14 August 2007
The Edible Woman
Someone left this book on a table at work with a note saying that it was good and whomever wanted to read it should go ahead and take it. The pages were yellowed and there was an orange "clearance 1.00" sticker on the front cover.
It has been a long time since I read Margaret Atwood's books Surfacing and The Handmaid's Tale. I read them both in college... a million billion years ago.
That was when I starting getting the itch to be done with school and go on to law school and be done with English majors and English professors and theory theory theory and deconstruction. We were always deconstructing everything. Well, I was stupid. Law school sucked some major ass and I only went for one year. It goes down in my own personal history as the most wasted year of my life, mostly because I had to study so much that I did nothing creative--absolutely nothing.

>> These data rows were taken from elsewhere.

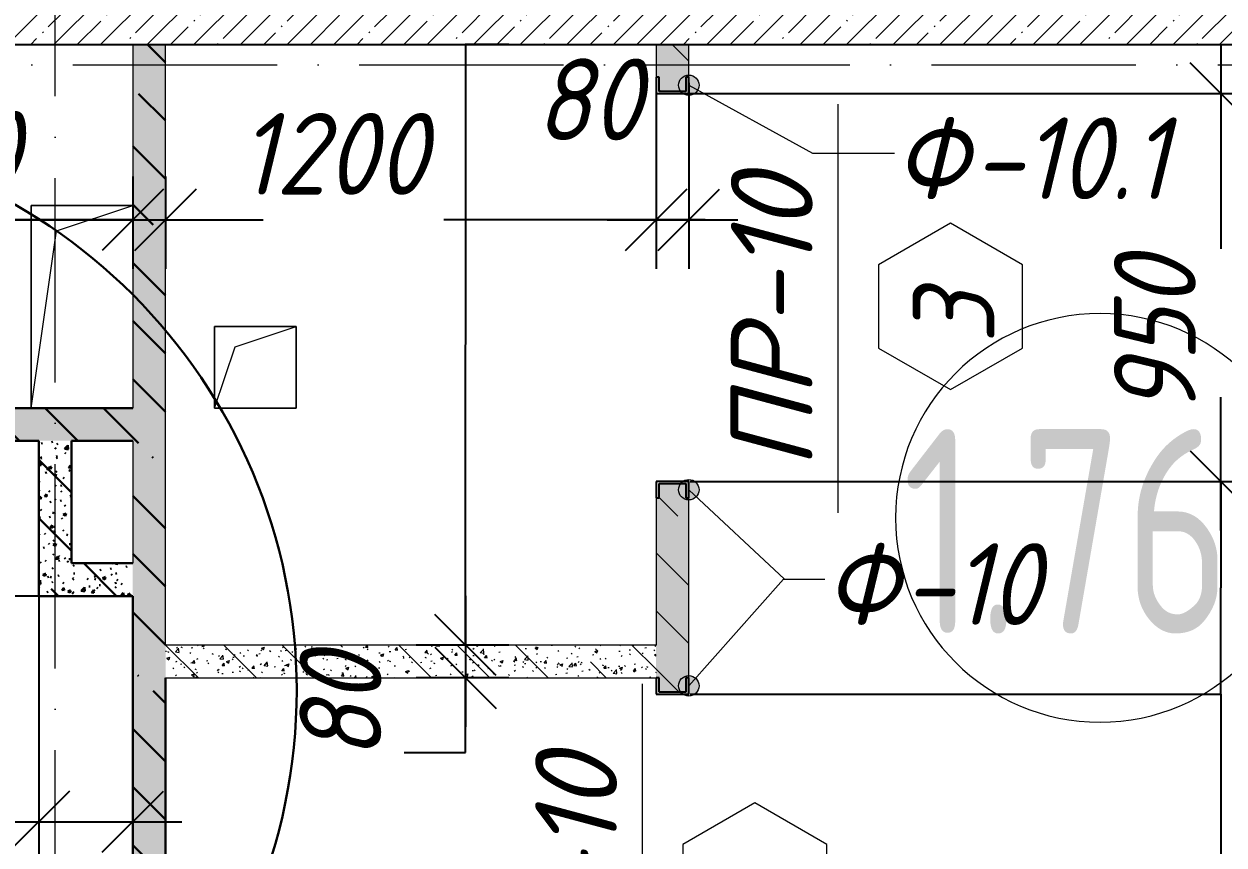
# Model space of a CAD drawing. Header units: millimetres. Extents: x 12986 to 523328, y -9759 to 30092.
# Drawn here: x 151281 to 154216, y 15091 to 17100 of the extents above; entities that cross this region are included whole.
import ezdxf

# ---------------------------------------------------------------- set-up
doc = ezdxf.new("R2010")
doc.units = ezdxf.units.MM
doc.linetypes.add('50_200_ШТРИХ_1Т_ш5_п1_п1_', pattern=[700, 500, -100, 0, -100])
for name, color, linetype, lineweight in [('0) ПГП', 1, 'Continuous', 30), ('2) Расчет', 1, 'Continuous', 30), ('A-ANNO-DIMS', 7, 'Continuous', 9), ('A-AREA-IDEN', 7, 'Continuous', 9), ('A-DOOR-IDEN', 7, 'Continuous', 9), ('A-FLOR', 7, 'Continuous', 9), ('A-GENM', 7, 'Continuous', 9), ('A-GENM-1', 7, 'Continuous', 25), ('A-GENM-IDEN', 7, 'Continuous', 9), ('A-WALL-1', 7, 'Continuous', 25), ('A-WALL-6', 18, 'Continuous', 13), ('A-WALL-PATT-1', 7, 'Continuous', 5), ('A-WALL-PATT-4', 250, 'Continuous', 5), ('Оси-2', 7, '50_200_ШТРИХ_1Т_ш5_п1_п1_', 9)]:
    doc.layers.add(name, color=color, linetype=linetype, lineweight=lineweight)
doc.layers.add('0)Допникки кружки', color=7, linetype='Continuous', plot=False)
doc.styles.add('ISOCPEUR_I_3', font='isocpeui.ttf', dxfattribs={"width": 0.9, "height": 200})
doc.styles.add('ISOCPEUR_I_5', font='isocpeui.ttf', dxfattribs={"height": 200})
doc.styles.add('СПДС', font='ГОСТ тип А.ttf', dxfattribs={"width": 0.9})
doc.dimstyles.new('ISO-2_0_0_9К_СРЕДНИЙ_1', dxfattribs={"dimscale": 304.8, "dimtxt": 199.196235, "dimasz": 0.492126, "dimexe": 0.393701, "dimexo": 0, "dimgap": 0, "dimtad": 1, "dimdec": 0, "dimzin": 0, "dimdsep": 46, "dimtxsty": 'ISOCPEUR_I_3', "dimblk1": 'OBLIQUE', "dimblk2": 'OBLIQUE', "dimsah": 1, "dimcen": 0.09, "dimdle": 0.393701, "dimazin": 0, "dimtfac": 1, "dimtdec": 4, "dimtix": 1, "dimtmove": 2, "dimatfit": 3, "dimfxl": 1, "dimtvp": 1, "dimtolj": 1, "dimtzin": 0, "dimarcsym": 2})
doc.dimstyles.new('ISO-2_0_0_9К_СРЕДНИЙ_6', dxfattribs={"dimscale": 304.8, "dimtxt": 199.196235, "dimasz": 0.492126, "dimexe": 0.393701, "dimexo": 0, "dimgap": 0, "dimtad": 1, "dimdec": 0, "dimzin": 0, "dimdsep": 46, "dimtxsty": 'ISOCPEUR_I_3', "dimblk1": 'OBLIQUE', "dimblk2": 'OBLIQUE', "dimsah": 1, "dimcen": 0.09, "dimdle": 0.393701, "dimazin": 0, "dimtfac": 1, "dimtdec": 4, "dimtix": 1, "dimtmove": 1, "dimatfit": 3, "dimfxl": 1, "dimtvp": 1, "dimtolj": 1, "dimtzin": 0, "dimarcsym": 2})
doc.dimstyles.get("Standard").update_dxf_attribs({"dimtxt": 0.18, "dimasz": 0.18, "dimexe": 0.18, "dimexo": 0.0625, "dimgap": 0.09, "dimtad": 0, "dimtih": 1, "dimtoh": 1, "dimdec": 4, "dimzin": 0, "dimdsep": 46, "dimtxsty": 'Standard', "dimcen": 0.09, "dimadec": 0, "dimazin": 0, "dimtfac": 1, "dimtdec": 4, "dimtofl": 0, "dimtmove": 0, "dimatfit": 3, "dimfxl": 1, "dimtolj": 1, "dimtzin": 0, "dimarcsym": 0})
pattern_1 = [(50, (61996.893, 0), (72.873764, -6.37607), [7.62, -83.82]), (355, (61996.89, 0), (-14.09699, 76.422444), [6.096, -67.056]), (100.451, (62002.966, -0.53), (58.776964, 70.04687), [6.476, -71.236]), (46.184, (61996.89, 20.32), (108.43142, -16.81745), [11.43, -125.73]), (96.636, (62005.93, 18.92), (94.961, 98.97089), [9.714, -106.854]), (351.184, (61996.89, 20.32), (94.96227, 98.97018), [9.144, -100.584]), (21, (62007.053, 15.24), (60.64565, -40.906537), [7.62, -83.82]), (326, (62007.05, 15.24), (24.72083, 73.67493), [6.096, -67.056]), (71.451, (62012.11, 11.83), (85.36689, 32.768737), [6.476, -71.236]), (37.5, (61996.893, 0), (1.235525, 33.8224325), [3.353, -62.89, 3.353, -64.719, -67.31]), (37.5, (61996.893, 0), (1.235525, 33.8224325), [-134.315, 3.353, -63.957]), (7.5, (61996.893, 0), (26.728146, 40.07255), [3.353, -35.458, 3.353, -61.366, -25.654]), (7.5, (61996.893, 0), (26.728146, 40.07255), [-103.53, 3.353, -22.301]), (327.5, (61974.236, 0), (54.2363175, -2.292117), [3.353, -22.047, 3.353, -75.895, -105.156]), (327.5, (61974.236, 0), (54.2363175, -2.292117), [-104.648, 3.353, -101.803]), (317.5, (61964.076, 0), (59.25158, 10.17014), [3.353, -29.667, 3.353, -49.276, -74.676]), (317.5, (61964.076, 0), (59.25158, 10.17014), [-85.649, 3.353, -71.323])]
pattern_2 = [(135, (61996.9, 0), (-142.5612, -142.5612), []), (135, (62139.46, 0), (-142.5612, -142.5612), [252.016, -50.403, 3.353, -47.05])]

# ---------------------------------------------------------------- blocks, each defined once
blk = doc.blocks.new('AR_Отверстие прямоугольное _в плите_ - AR_Отверстие прямоугольное _в плите_-V79-АР1_Кладочный план 1 этажа')
at = {"layer": 'A-GENM'}
for p, q in [((124, 250), (-125, 250)), ((-125, 250), (-125, -246)), ((-62.5, 187.5), (124, 249.7)), ((-124.4, -246), (-62.5, 187.5))]:
    blk.add_line(p, q, dxfattribs=at)
blk = doc.blocks.new('AR_Отверстие прямоугольное _в плите_ - AR_Отверстие прямоугольное _в плите_-24484673-АР1_Кладочный план 1 этажа')
at = {"layer": 'A-GENM'}
for p, q in [((100, 100), (-100, 100)), ((-100, 100), (-100, -100)), ((-50, 50), (100, 100)), ((100, -100), (100, 100)), ((-100, -100), (-50, 50)), ((-100, -100), (100, -100))]:
    blk.add_line(p, q, dxfattribs=at)
blk = doc.blocks.new('Фахверк_СКБ_Швеллер - Ф-10_1_80х4030_развернут-26974358-АР1_Кладочный план 1 этажа')
at = {"layer": 'A-GENM-1'}
for p, q in [((165, 40), (125, 40)), ((125, 40), (125, -40)), ((129.5, 32.6), (165, 32.6)), ((129.5, -32.6), (129.5, 32.6)), ((165, 32.6), (165, 40)), ((125, -40), (165, -40)), ((165, -32.6), (129.5, -32.6)), ((165, -40), (165, -32.6))]:
    blk.add_line(p, q, dxfattribs=at)
blk = doc.blocks.new('Фахверк_СКБ_Швеллер - Ф-10_80х4030-26973533-АР1_Кладочный план 1 этажа')
at = {"layer": 'A-GENM-1'}
for p, q in [((165, 40), (125, 40)), ((125, 40), (125, -40)), ((129.5, 32.6), (165, 32.6)), ((129.5, -32.6), (129.5, 32.6)), ((165, 32.6), (165, 40)), ((125, -40), (165, -40)), ((165, -32.6), (129.5, -32.6)), ((165, -40), (165, -32.6))]:
    blk.add_line(p, q, dxfattribs=at)
blk = doc.blocks.new('DIMBLOCK152-АР1_Кладочный план 1 этажа')
at = {"layer": 'A-ANNO-DIMS', "color": 0, "lineweight": -2, "transparency": 16777216}
for p, q in [((154314.3, 17050), (154453.1, 17050)), ((154452.9, 17049.8), (154452.9, 16930.3)), ((152907, 16930.1), (154453.1, 16930.1)), ((154452.9, 16930.1), (154452.9, 16508.8)), ((154452.9, 16508.8), (154452.7, 16508.8))]:
    blk.add_line(p, q, dxfattribs=at)
at = {"layer": 'A-ANNO-DIMS', "color": 0, "transparency": 16777216}
for points in [[(154452.9, 17049.8), (154452.9, 17049.8), (154452.9, 17050)], [(154452.9, 16930.3), (154452.9, 16930.3), (154452.9, 16930.1)]]:
    blk.add_solid(points, dxfattribs=at)
at = {"layer": 'Defpoints', "color": 0, "transparency": 16777216}
for p in [(154314.2, 17050), (152906.9, 16930.1), (154452.9, 16930.1)]:
    blk.add_point(p, dxfattribs=at)
at = {"layer": 'A-ANNO-DIMS', "color": 0, "transparency": 16777216, "insert": (154452.4, 16304.3), "char_height": 0.18, "width": 409.118, "attachment_point": 1, "rotation": 90, "line_spacing_factor": 1.149209}
blk.add_mtext('\\A1;119.8895', dxfattribs=at)
blk = doc.blocks.new('_Oblique')
at = {"color": 0, "linetype": 'ByBlock', "lineweight": -2}
blk.add_line((-0.5, -0.5), (0.5, 0.5), dxfattribs=at)
blk = doc.blocks.new('DIMBLOCK153-АР1_Кладочный план 1 этажа')
at = {"layer": 'A-ANNO-DIMS', "color": 0, "lineweight": -2, "transparency": 16777216}
for p, q in [((154208.1, 17050.1), (154208.1, 16550.1)), ((152906.9, 16930.1), (154328.1, 16930.1)), ((154208.1, 15860.1), (154208.1, 16186.4)), ((152909.9, 15980.1), (154328.1, 15980.1))]:
    blk.add_line(p, q, dxfattribs=at)
at = {"layer": 'Defpoints', "color": 0, "transparency": 16777216}
for p in [(152906.9, 16930.1), (152909.9, 15980.1), (154208.1, 15980.1)]:
    blk.add_point(p, dxfattribs=at)
at = {"layer": 'A-ANNO-DIMS', "color": 0, "lineweight": -2, "transparency": 16777216, "xscale": 150, "yscale": 150, "zscale": 150}
for p, rotation in [((154208.1, 16930.1), 90), ((154208.1, 15980.1), 270)]:
    blk.add_blockref('_Oblique', p, dxfattribs=dict(at, rotation=rotation))
at = {"layer": 'A-ANNO-DIMS', "color": 0, "transparency": 16777216, "insert": (153946.8, 16140.7), "char_height": 200, "width": 455.087, "attachment_point": 1, "rotation": 90, "line_spacing_factor": 1.149209, "style": 'ISOCPEUR_I_3'}
blk.add_mtext('\\A1;950', dxfattribs=at)
blk = doc.blocks.new('DIMBLOCK154-АР1_Кладочный план 1 этажа')
at = {"layer": 'A-ANNO-DIMS', "color": 0, "lineweight": -2, "transparency": 16777216}
for p, q in [((152910, 15980.1), (154208.3, 15980.1)), ((154208.1, 15979.9), (154208.1, 15720.3)), ((154208.1, 15460.3), (154208.1, 15719.9)), ((152910, 15460.1), (154208.3, 15460.1))]:
    blk.add_line(p, q, dxfattribs=at)
at = {"layer": 'A-ANNO-DIMS', "color": 0, "transparency": 16777216}
for points in [[(154208.1, 15979.9), (154208.2, 15979.9), (154208.1, 15980.1)], [(154208.1, 15460.3), (154208.2, 15460.3), (154208.1, 15460.1)]]:
    blk.add_solid(points, dxfattribs=at)
at = {"layer": 'Defpoints', "color": 0, "transparency": 16777216}
for p in [(152909.9, 15980.1), (152909.9, 15460.1), (154208.1, 15460.1)]:
    blk.add_point(p, dxfattribs=at)
at = {"layer": 'A-ANNO-DIMS', "color": 0, "transparency": 16777216, "insert": (154208.1, 15720.1), "char_height": 0.18, "width": 455.087, "attachment_point": 5}
blk.add_mtext('\\A1;520.0000', dxfattribs=at)
blk = doc.blocks.new('DIMBLOCK155-АР1_Кладочный план 1 этажа')
at = {"layer": 'A-ANNO-DIMS', "color": 0, "lineweight": -2, "transparency": 16777216}
for p, q in [((152910, 15460.1), (154208.3, 15460.1)), ((154208.1, 15459.9), (154208.1, 14985.3)), ((154208.1, 14510.3), (154208.1, 14984.9)), ((152907, 14510.1), (154208.3, 14510.1))]:
    blk.add_line(p, q, dxfattribs=at)
at = {"layer": 'A-ANNO-DIMS', "color": 0, "transparency": 16777216}
for points in [[(154208.1, 15459.9), (154208.2, 15459.9), (154208.1, 15460.1)], [(154208.1, 14510.3), (154208.2, 14510.3), (154208.1, 14510.1)]]:
    blk.add_solid(points, dxfattribs=at)
at = {"layer": 'Defpoints', "color": 0, "transparency": 16777216}
for p in [(152909.9, 15460.1), (152906.9, 14510.1), (154208.1, 14510.1)]:
    blk.add_point(p, dxfattribs=at)
at = {"layer": 'A-ANNO-DIMS', "color": 0, "transparency": 16777216, "insert": (154208.1, 14985.1), "char_height": 0.18, "width": 455.087, "attachment_point": 5}
blk.add_mtext('\\A1;950.0000', dxfattribs=at)
blk = doc.blocks.new('AAR_СКБ_Марка_Двери_Перемычка и проем - Марка перемычки и проема-25306769-АР1_Кладочный план 1 этажа')
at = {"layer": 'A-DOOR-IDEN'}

It wasn't even studying, it was just mind-numbing memorizing. Of course, once entering The Workforce I quickly realized how much better it was back in school. Ah, hindsight!
Anyhow, back to The Edible Woman. It was so good that I read all over the weekend. (I'm currently reading some books that I've been reading for weeks, and two I've been reading for months. I should just give them back to the people I borrowed them from and admit, "I can't read it".) It was written in 1965 and published a few years later. It's about a woman who is engaged to be married. Her boyfriend is dull. He's a lawyer, up and coming financially. He's good-looking, dresses well, and is self-centered. Marian, the narrator, is nowhere near as "together" as he is. In one interesting part of the book, she describes how bad her kitchen has gotten. There's not once single clean dish, there's a scum on top of the cold water in the sink, the sink is piled with dishes, and the fridge is full of rotting food. After becoming engaged, Marian starts to get grossed out by meat, and then eggs, and then she's a vegan, and then a carrot one day freaks her out, too. She can barely eat. At the end she breaks free of her fiance by baking a cake in the shape of a woman and telling him to eat it instead of eating her. He thinks she's weird and he leaves. She eats the cake herself, and then she shares it with someone else. I like her because she seems really on the verge of losing it. It's kind of refreshing.
That was a horrible synopsis; I kind of feel the way you feel when you're trying to explain a dream to someone, like all bogged down and heavy. Anyway, The Edible Woman is really, really good.